Perspectivas para o Mercado de Ações: 3 Fatores que Podem Interromper a Alta do S&P 500, Avisa a Morgan Stanley

Três fatores podem estar impedindo uma recuperação das ações durante o verão, alertou o Morgan Stanley.

Andrew Sheets, chefe global de pesquisa em renda fixa do Morgan Stanley, informou que o banco está atento a obstáculos que podem desviar as ações neste verão, uma estação que historicamente tem sido a mais forte para o mercado de ações.

Julho, em particular, é conhecido como um dos melhores meses do ano para as ações, com o S&P 500 apresentando ganhos em todos os meses de julho desde 2014, conforme Sheets destacou no podcast “Thoughts on the Market” do banco.

No entanto, os mercados já emitiram alguns sinais de que as ações estão se tornando mais voláteis. Após um forte segundo trimestre, o Nasdaq 100 tem enfrentado grandes oscilações nas últimas semanas e está praticamente estagnado em relação ao início da segunda metade do ano. Uma rotação nas negociações tem agitado o setor, já que os investidores estão realizando lucros em áreas que se destacaram, como ações de chips e de memória.

A seguir, apresentamos três obstáculos que o Morgan Stanley está monitorando no que se refere às ações:

1. O conflito com o Irã recomeça

O mercado está flertando com esse risco esta semana, depois que o presidente Donald Trump declarou que a trégua com o Irã não está mais em vigor. Os EUA realizaram novos ataques ao Irã na quarta-feira, alegando que se tratava de uma retaliação à agressão iraniana contra navios comerciais que passavam pelo Estreito de Hormuz.

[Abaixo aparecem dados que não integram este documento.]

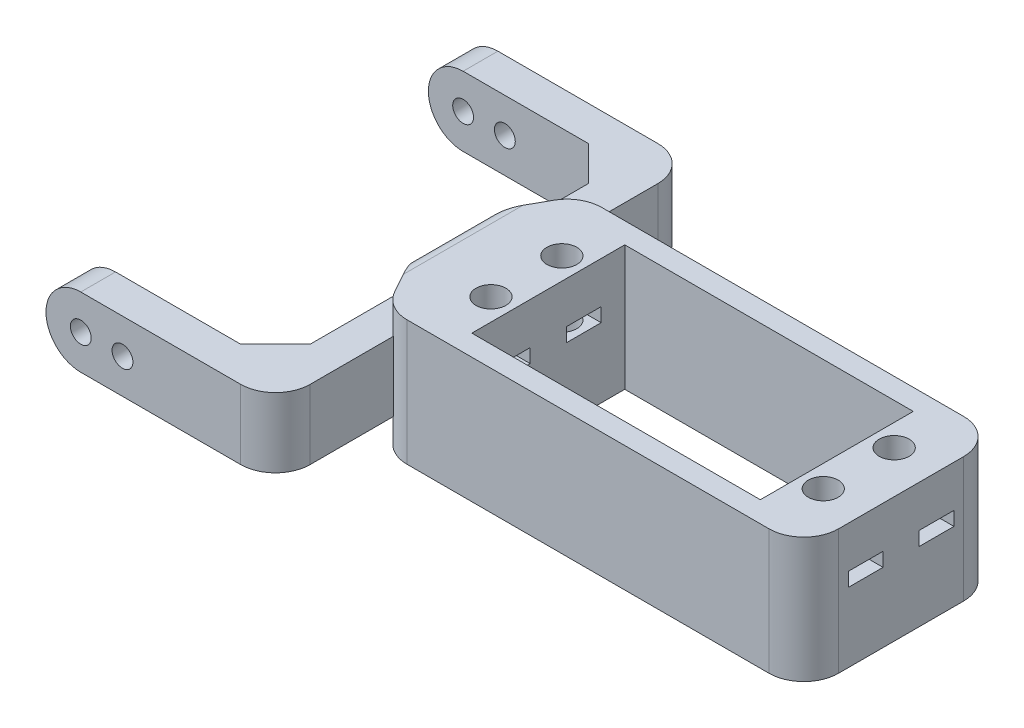
SolidWorks part; units mm, degrees
ref_plane "Plan de face" through (0, 0, 0) normal (0, 0, 1) x (1, 0, 0)
ref_plane "Plan de dessus" through (0, 0, 0) normal (0, 1, 0) x (1, 0, 0)
ref_plane "Plan de droite" through (0, 0, 0) normal (1, 0, 0) x (0, 0, -1)
sketch "Esquisse1" plane through (0, 0, 0) normal (0, 0, 1) x (1, 0, 0)
  line L1 (-30, -9) -> (30, -9)
  line L2 (-30, -9) -> (-30, 9)
  line L3 (-30, 9) -> (30, 9)
  line L4 (30, -9) -> (30, 9)
  line L5 (-30, -9) -> (30, 9) construction
  line L6 (-30, 9) -> (30, -9) construction
  point P0 (0, 0)
  dimension "D1" = 60
  dimension "D2" = 18
extrude "Boss.-Extru.1" add sketch "Esquisse1" along normal blind 28
sketch "Esquisse2" plane through (0, -9, 0) normal (0, -1, 0) x (1, 0, 0)
  line L0 (30, 0) -> (-30, 28) construction
  line L2 (20.75, 25) -> (-20.75, 25)
  line L3 (20.75, 25) -> (20.75, 3)
  line L4 (20.75, 3) -> (-20.75, 3)
  line L5 (-20.75, 25) -> (-20.75, 3)
  line L6 (20.75, 25) -> (-20.75, 3) construction
  line L7 (20.75, 3) -> (-20.75, 25) construction
  point P4 (0, 14)
  dimension "D1" = 41.5
  dimension "D2" = 22
extrude "Enlèv. mat.-Extru.1" cut sketch "Esquisse2" against normal blind 30
sketch "Esquisse3" plane through (0, -9, 0) normal (0, -1, 0) x (-1, 0, 0)
  circle A0 centre (23.9, -19.1) radius 2.15
  circle A1 centre (23.9, -8.9) radius 2.15
  circle A2 centre (-23.9, -8.9) radius 2.15
  circle A3 centre (-23.9, -19.1) radius 2.15
  dimension "D1" = 4.3
  dimension "D2" = 4.3
  dimension "D3" = 4.3
  dimension "D4" = 4.3
extrude "Enlèv. mat.-Extru.2" cut sketch "Esquisse3" against normal blind 30
sketch "Esquisse4" plane through (-30, 0, 0) normal (-1, 0, 0) x (0, 0, 1)
  line L0 (11.05, 9) -> (6.75, 9) construction
  line L1 (8.9, 9) -> (8.9, -9) construction
  line L2 (28, -9) -> (0, -9) construction
  line L3 (14, 9) -> (14, -9) construction
  line L4 (6.4, 1) -> (11.4, 1)
  line L5 (6.4, 1) -> (6.4, 3)
  line L6 (6.4, 3) -> (11.4, 3)
  line L7 (11.4, 1) -> (11.4, 3)
  line L8 (6.4, 1) -> (11.4, 3) construction
  line L9 (6.4, 3) -> (11.4, 1) construction
  line L10 (28, 9) -> (0, 9) construction
  line L11 (21.6, 1) -> (21.6, 3)
  line L12 (21.6, 1) -> (16.6, 1)
  line L13 (16.6, 1) -> (16.6, 3)
  line L14 (21.6, 3) -> (16.6, 3)
  point P8 (8.9, 2)
  dimension "D1" = 7
  dimension "D2" = 5
  dimension "D3" = 2
sketch "Esquisse5" plane through (-30, 0, 0) normal (-1, 0, 0) x (0, 0, 1)
  line L0 (0, 9) -> (28, -9) construction
  line L2 (9, -30) -> (19, -30)
  line L3 (9, -30) -> (9, 30)
  line L4 (9, 30) -> (19, 30)
  line L5 (19, -30) -> (19, 30)
  line L6 (9, -30) -> (19, 30) construction
  line L7 (9, 30) -> (19, -30) construction
  point P4 (14, 0)
  dimension "D1" = 10
  dimension "D2" = 60
extrude "Boss.-Extru.2" add sketch "Esquisse5" along normal blind 5
sketch "Esquisse6" plane through (-35, 0, 0) normal (-1, 0, 0) x (0, 0, 1)
  line L0 (9, 30) -> (19, 30)
  line L1 (9, 30) -> (9, 25)
  line L2 (19, 30) -> (19, 25)
  line L3 (9, 25) -> (19, 25)
  line L4 (9, -30) -> (19, -30)
  line L5 (9, -30) -> (9, -25)
  line L6 (19, -30) -> (19, -25)
  line L7 (9, -25) -> (19, -25)
  dimension "D1" = 5
  dimension "D2" = 5
extrude "Boss.-Extru.3" add sketch "Esquisse6" along normal blind 28
sketch "Esquisse7" plane through (0, 30, 0) normal (0, 1, 0) x (1, 0, 0)
  line L0 (-63, -14) -> (-30, -14) construction
  line L1 (-63, -19) -> (-63, -9) construction
  line L2 (-30, -19) -> (-30, -9) construction
  circle A0 centre (-58, -14) radius 1.5
  dimension "D1" = 3
  dimension "D2" = 5
extrude "Enlèv. mat.-Extru.4" cut sketch "Esquisse7" against normal through all both and the other way through all
fillet "Congé3" [suppressed] radius 5
sketch "Esquisse8" plane through (0, 0, 0) normal (0, 1, 0) x (1, 0, 0)
  line L0 (-30, -28) -> (-35, -19)
rib "Nervure11" sketch "Esquisse8" sketch "Esquisse8" thickness 18 extrusion direction parallel to sketch draft on no parameters "D1"=18
ref_plane "Plan1" through (0, 0, 14) normal (0, 0, 1) x (1, 0, 0)
mirror "Symétrie1" about plane through (0, 0, 14) normal (0, 0, 1) of "Nervure11"
fillet "Congé5" radius 5 4 edges at (-30, 0, 0) (30, 0, 0) (30, 0, 28) (-30, 0, 28)
ref_plane "Plan2" through (-30, 30, 9) normal (0, 0, -1) x (-1, 0, 0)
fillet "Congé6" radius 5 2 edges at (-30, 30, 14) (-30, -30, 14)
ref_plane "Plan3" through (0, 0, 14) normal (0, 0, 1) x (1, 0, 0)
sketch "Esquisse10" plane through (0, 0, 14) normal (0, 0, 1) x (1, 0, 0)
  line L0 (-40, 25) -> (-35, 20)
  line L1 (-63, 25) -> (-35, 25) construction
  line L2 (-35, 9) -> (-35, 25) construction
  dimension "D1" = 5
  dimension "D2" = 5
rib "Nervure12" sketch "Esquisse10" sketch "Esquisse10" thickness 10 extrusion direction parallel to sketch draft on no parameters "D1"=10
mirror "Symétrie2" about plane through (0, 0, 0) normal (0, 1, 0) of "Nervure12"
fillet "Congé7" radius 5 4 edges at (-63, -27.5, 9) (-63, -27.5, 19) (-63, 27.5, 9) (-63, 27.5, 19)
sketch "Esquisse12" plane through (-20.75, 0, 0) normal (1, 0, 0) x (0, 0, -1)
  line L0 (-16.95, 9) -> (-21.25, 9) construction
  line L1 (-25, 9) -> (-3, 9) construction
  line L2 (-16.95, -9) -> (-16.95, 9) construction
  line L3 (-21.25, 9) -> (-21.25, -9) construction
  line L4 (-19.1, 9) -> (-19.1, -9) construction
  line L5 (-25, -9) -> (-3, -9) construction
  line L6 (-14, 9) -> (-14, -9) construction
  line L7 (-21.6, 1) -> (-16.6, 1)
  line L8 (-21.6, 1) -> (-21.6, 3)
  line L9 (-21.6, 3) -> (-16.6, 3)
  line L10 (-16.6, 1) -> (-16.6, 3)
  line L11 (-21.6, 1) -> (-16.6, 3) construction
  line L12 (-21.6, 3) -> (-16.6, 1) construction
  line L13 (-6.4, 1) -> (-6.4, 3)
  line L14 (-6.4, 1) -> (-11.4, 1)
  line L15 (-11.4, 1) -> (-11.4, 3)
  line L16 (-6.4, 3) -> (-11.4, 3)
  point P6 (-19.1, 2)
  dimension "D1" = 5
  dimension "D2" = 2
  dimension "D3" = 7
extrude "Enlèv. mat.-Extru.5" cut sketch "Esquisse12" against normal blind 8 and the other way up to next
sketch "Esquisse13" plane through (0, -9, 0) normal (0, -1, 0) x (1, 0, 0)
  line L0 (14.75, 28) -> (14.75, 25)
  line L1 (14.75, 28) -> (-2.75, 28)
  line L2 (14.75, 25) -> (-2.75, 25)
  line L3 (-2.75, 28) -> (-2.75, 25)
  line L4 (-27.058, 28) -> (25, 28) construction
  line L5 (20.75, 25) -> (-20.75, 25) construction
  line L6 (20.75, 3) -> (20.75, 25) construction
  line L7 (-20.75, 25) -> (-20.75, 3) construction
  dimension "D1" = 6
  dimension "D2" = 18
extrude "Boss.-Extru.4" [suppressed] add sketch "Esquisse13" along normal blind 14
sketch "Esquisse14" [suppressed] plane through (0, 0, 25) normal (0, 0, -1) x (-1, 0, 0)
  line L0 (-14.75, -23) -> (-14.75, -19)
  line L1 (-14.75, -23) -> (2.75, -23)
  line L2 (-14.75, -19) -> (2.75, -19)
  line L3 (2.75, -23) -> (2.75, -19)
  line L4 (-14.75, -23) -> (-14.75, -9) construction
  line L6 (2.75, -23) -> (2.75, -9) construction
  dimension "D1" = 4
extrude "Boss.-Extru.5" [suppressed] add sketch "Esquisse14" along normal up to surface (25 mm away)
sketch "Esquisse15" [suppressed] plane through (0, -19, 0) normal (0, 1, 0) x (1, 0, 0)
  line L0 (14.75, 0) -> (-2.75, 0)
  line L1 (14.75, 0) -> (14.75, -3)
  line L2 (-2.75, 0) -> (-2.75, -3)
  line L3 (14.75, -3) -> (-2.75, -3)
  dimension "D1" = 3
extrude "Boss.-Extru.6" [suppressed] add sketch "Esquisse15" along normal up to surface (10 mm away)
sketch "Esquisse16" [suppressed] plane through (0, -23, 0) normal (0, -1, 0) x (-1, 0, 0)
  circle A0 centre (-10, -12.5) radius 1.5
  dimension "D1" = 3
extrude "Enlèv. mat.-Extru.6" [suppressed] cut sketch "Esquisse16" against normal blind 12
sketch "Esquisse17" plane through (0, 0, 0) normal (0, 0, 1) x (1, 0, 0)
  line L0 (-35, 0) -> (-63.904, 0) construction
  line L1 (-35, 9) -> (-35, -9) construction
sketch "Esquisse19" plane through (0, 0, 14) normal (0, 0, 1) x (1, 0, 0)
  line L0 (-35, 0) -> (-134.3013, 0) construction
pattern_circular "Répétition circulaire1" count 3 every 90 about axis through (-35, 0, 14) along (-1, 0, 0) of "Boss.-Extru.2", "Boss.-Extru.3", "Enlèv. mat.-Extru.4" reverse direction yes
sketch "Esquisse20" plane through (0, 5, 0) normal (0, 1, 0) x (1, 0, 0)
  line L0 (-31.4288, -25.4282) -> (-35, -19) construction
  line L1 (-35, -19) -> (-35, -39) construction
  line L2 (-35, -39) -> (-63, -39) construction
  line L3 (-63, -39) -> (-63, -44) construction
  line L4 (-63, -44) -> (-30, -44) construction
  line L5 (-30, -44) -> (-30, -27.0428) construction
  line L6 (-35, -9) -> (-31.4288, -2.5718) construction
  line L7 (-30, -0.9572) -> (-30, 16) construction
  line L8 (-30, 16) -> (-63, 16) construction
  line L9 (-63, 16) -> (-63, 11) construction
  line L10 (-63, 11) -> (-35, 11) construction
  line L11 (-35, 11) -> (-35, -9) construction
  line L12 (-31.4288, -25.4282) -> (-35, -19)
  line L13 (-35, -19) -> (-35, -39)
  line L14 (-35, -39) -> (-63, -39)
  line L15 (-63, -39) -> (-63, -44)
  line L16 (-63, -44) -> (-30, -44)
  line L17 (-30, -44) -> (-30, -27.0428)
  line L18 (-35, -9) -> (-31.4288, -2.5718)
  line L19 (-30, -0.9572) -> (-30, 16)
  line L20 (-30, 16) -> (-63, 16)
  line L21 (-63, 16) -> (-63, 11)
  line L22 (-63, 11) -> (-35, 11)
  line L23 (-35, 11) -> (-35, -9)
  arc A0 (-31.4288, -25.4282) -> (-30, -27.0428) centre (-27.058, -23) ccw construction
  arc A1 (-30, -0.9572) -> (-31.4288, -2.5718) centre (-27.058, -5) ccw construction
  arc A2 (-31.4288, -25.4282) -> (-30, -27.0428) centre (-27.058, -23) ccw
  arc A3 (-30, -0.9572) -> (-31.4288, -2.5718) centre (-27.058, -5) ccw
sketch "Esquisse21" plane through (0, 0, 9) normal (0, 0, -1) x (-1, 0, 0)
  line L0 (63, -25) -> (40, -25) construction
  line L1 (40, -25) -> (35, -20) construction
  line L2 (35, -20) -> (35, -9) construction
  line L3 (35, -9) -> (30, -9) construction
  line L4 (30, -9) -> (30, -30) construction
  line L5 (30, -30) -> (63, -30) construction
  line L6 (63, -30) -> (63, -25) construction
  line L7 (35, 20) -> (40, 25) construction
  line L8 (40, 25) -> (63, 25) construction
  line L9 (63, 25) -> (63, 30) construction
  line L10 (63, 30) -> (30, 30) construction
  line L11 (30, 30) -> (30, 9) construction
  line L12 (30, 9) -> (35, 9) construction
  line L13 (35, 9) -> (35, 20) construction
  line L14 (63, -25) -> (40, -25)
  line L15 (40, -25) -> (35, -20)
  line L16 (35, -20) -> (35, -9)
  line L17 (35, -9) -> (30, -9)
  line L18 (30, -9) -> (30, -30)
  line L19 (30, -30) -> (63, -30)
  line L20 (63, -30) -> (63, -25)
  line L21 (35, 20) -> (40, 25)
  line L22 (40, 25) -> (63, 25)
  line L23 (63, 25) -> (63, 30)
  line L24 (63, 30) -> (30, 30)
  line L25 (30, 30) -> (30, 9)
  line L26 (30, 9) -> (35, 9)
  line L27 (35, 9) -> (35, 20)
extrude "Enlèv. mat.-Extru.8" cut sketch "Esquisse21" against normal through all both and the other way through all
fillet "Congé8" radius 5 2 edges at (-30, 0, 44) (-30, 0, -16)
fillet "Congé10" radius 5 4 edges at (-63, 5, -13.5) (-63, -5, -13.5) (-63, -5, 41.5) (-63, 5, 41.5)
fillet "Congé12" radius 2 2 edges at (-35, 9, 14) (-35, -9, 14)
sketch "Esquisse22" plane through (0, 0, 0) normal (0, 1, 0) x (1, 0, 0)
  line L0 (-40, 11) -> (-35, 6)
  line L2 (-58, 11) -> (-35, 11) construction
  line L3 (-35, -9) -> (-35, 11) construction
  dimension "D1" = 5
  dimension "D2" = 5
rib "Nervure13" sketch "Esquisse22" sketch "Esquisse22" thickness 10 extrusion direction parallel to sketch draft on no parameters "D1"=10
ref_plane "Plan4" through (0, 0, 14) normal (0, 0, -1) x (-1, 0, 0)
mirror "Symétrie3" about plane through (0, 0, 14) normal (0, 0, -1) of "Nervure13"
sketch "Esquisse23" [suppressed] plane through (0, 30, 0) normal (0, 1, 0) x (1, 0, 0)
  line L0 (-35, -14) -> (-63, -14) construction
  line L1 (-35, -19) -> (-35, -9) construction
  circle A0 centre (-51, -14) radius 1.5
  dimension "D1" = 3
  dimension "D2" = 12
extrude "Enlèv. mat.-Extru.9" [suppressed] cut sketch "Esquisse23" against normal through all
fillet "Congé13" [suppressed] radius 2
sketch "Esquisse24" plane through (0, 0, -16) normal (0, 0, -1) x (-1, 0, 0)
  line L0 (63, 0) -> (30, 0) construction
  line L1 (30, 5) -> (30, -5) construction
  circle A0 centre (52, 0) radius 1.5
  circle A1 centre (58, 0) radius 1.5 construction
  dimension "D2" = 3
  dimension "D1" = 6
extrude "Enlèv. mat.-Extru.10" cut sketch "Esquisse24" against normal through all both and the other way through all

A projeção base do Morgan Stanley para as ações este ano, que contempla a continuidade do mercado em alta, depende em parte da suposição de que o tráfego marítimo através do Estreito de Hormuz eventualmente se normalize, com o abastecimento de petróleo retornando a níveis anteriores ao conflito e o barril do Brent reduzindo a pelo menos 75 dólares em um período de 12 meses.

“Os EUA já reduziram suas reservas estratégicas de petróleo aos níveis mais baixos da história, o que pode diminuir a capacidade de absorver choques caso o conflito se reaqueça”, afirmou Sheets.

A preocupação nos mercados está relacionada ao fato de que preços mais altos do petróleo podem elevar o custo de outros bens, exacerbando as pressões inflacionárias em toda a economia.

2. O Fed aumenta as taxas de juros

Os mercados estão registrando uma maior probabilidade de que o Fed possa elevar as taxas de juros ainda este ano para combater a inflação. Contudo, a ideia de que o Fed manterá as taxas de juros inalteradas até o final do ano constitui um pilar fundamental que sustenta o mercado em alta, disse Sheets.

“O risco é que essa suposição esteja errada, talvez em um futuro próximo. Existe, sem dúvida, um argumento de que, se o Fed está preocupado com a inflação, não deveria esperar para agir”, acrescentou.

Os mercados estão precificando uma chance de 82% de que o Fed aumente as taxas pelo menos uma vez até o final do ano, de acordo com a ferramenta CME FedWatch.

3. A perspectiva de investimentos em IA se enfraquece

O investimento em Inteligência Artificial (IA) desempenhou um papel crítico no impulso das ações, porém esse efeito pode começar a se desfazer caso os investidores percebam que as grandes empresas de tecnologia estão diminuindo seus gastos com IA.

As estimativas de Capex (despesas de capital) foram continuamente revisadas para cima a cada trimestre, o que ajudou a “aumentar a confiança” de que o setor de IA ainda se mantém forte.

O banco indicou que sua projeção base é que o investimento em IA aumente de aproximadamente 800 bilhões de dólares em 2026 para cerca de 1,2 trilhões de dólares em 2027.

“Mas o risco está na possibilidade de que os lucros do segundo trimestre agora mostrem mais hesitação em gastar, talvez porque os preços das ações de algumas dessas grandes empresas estejam com desempenho recente abaixo do esperado. Dado o quanto a atual narrativa de crescimento e lucros está ligada à IA, e como a exposição à IA é popular entre os investidores, isso geraria um risco”, acrescentou Sheets em relação ao impacto nas ações.

Os investidores já começaram a punir algumas das maiores gastadoras no setor de IA, sinalizando que a ansiedade está crescendo sobre quanto dinheiro está sendo investido em IA e se isso realmente valerá a pena em termos de retorno sobre investimento.

As ações conhecidas como Magnificent Seven, que incluem algumas das maiores gastadoras em IA, caíram 13% desde seu pico em maio até seu ponto mais baixo em junho, à medida que alguns investidores realizaram lucros. O ETF Roundhill Magnificent Seven está atualmente sendo negociado em linha reta em relação ao ano.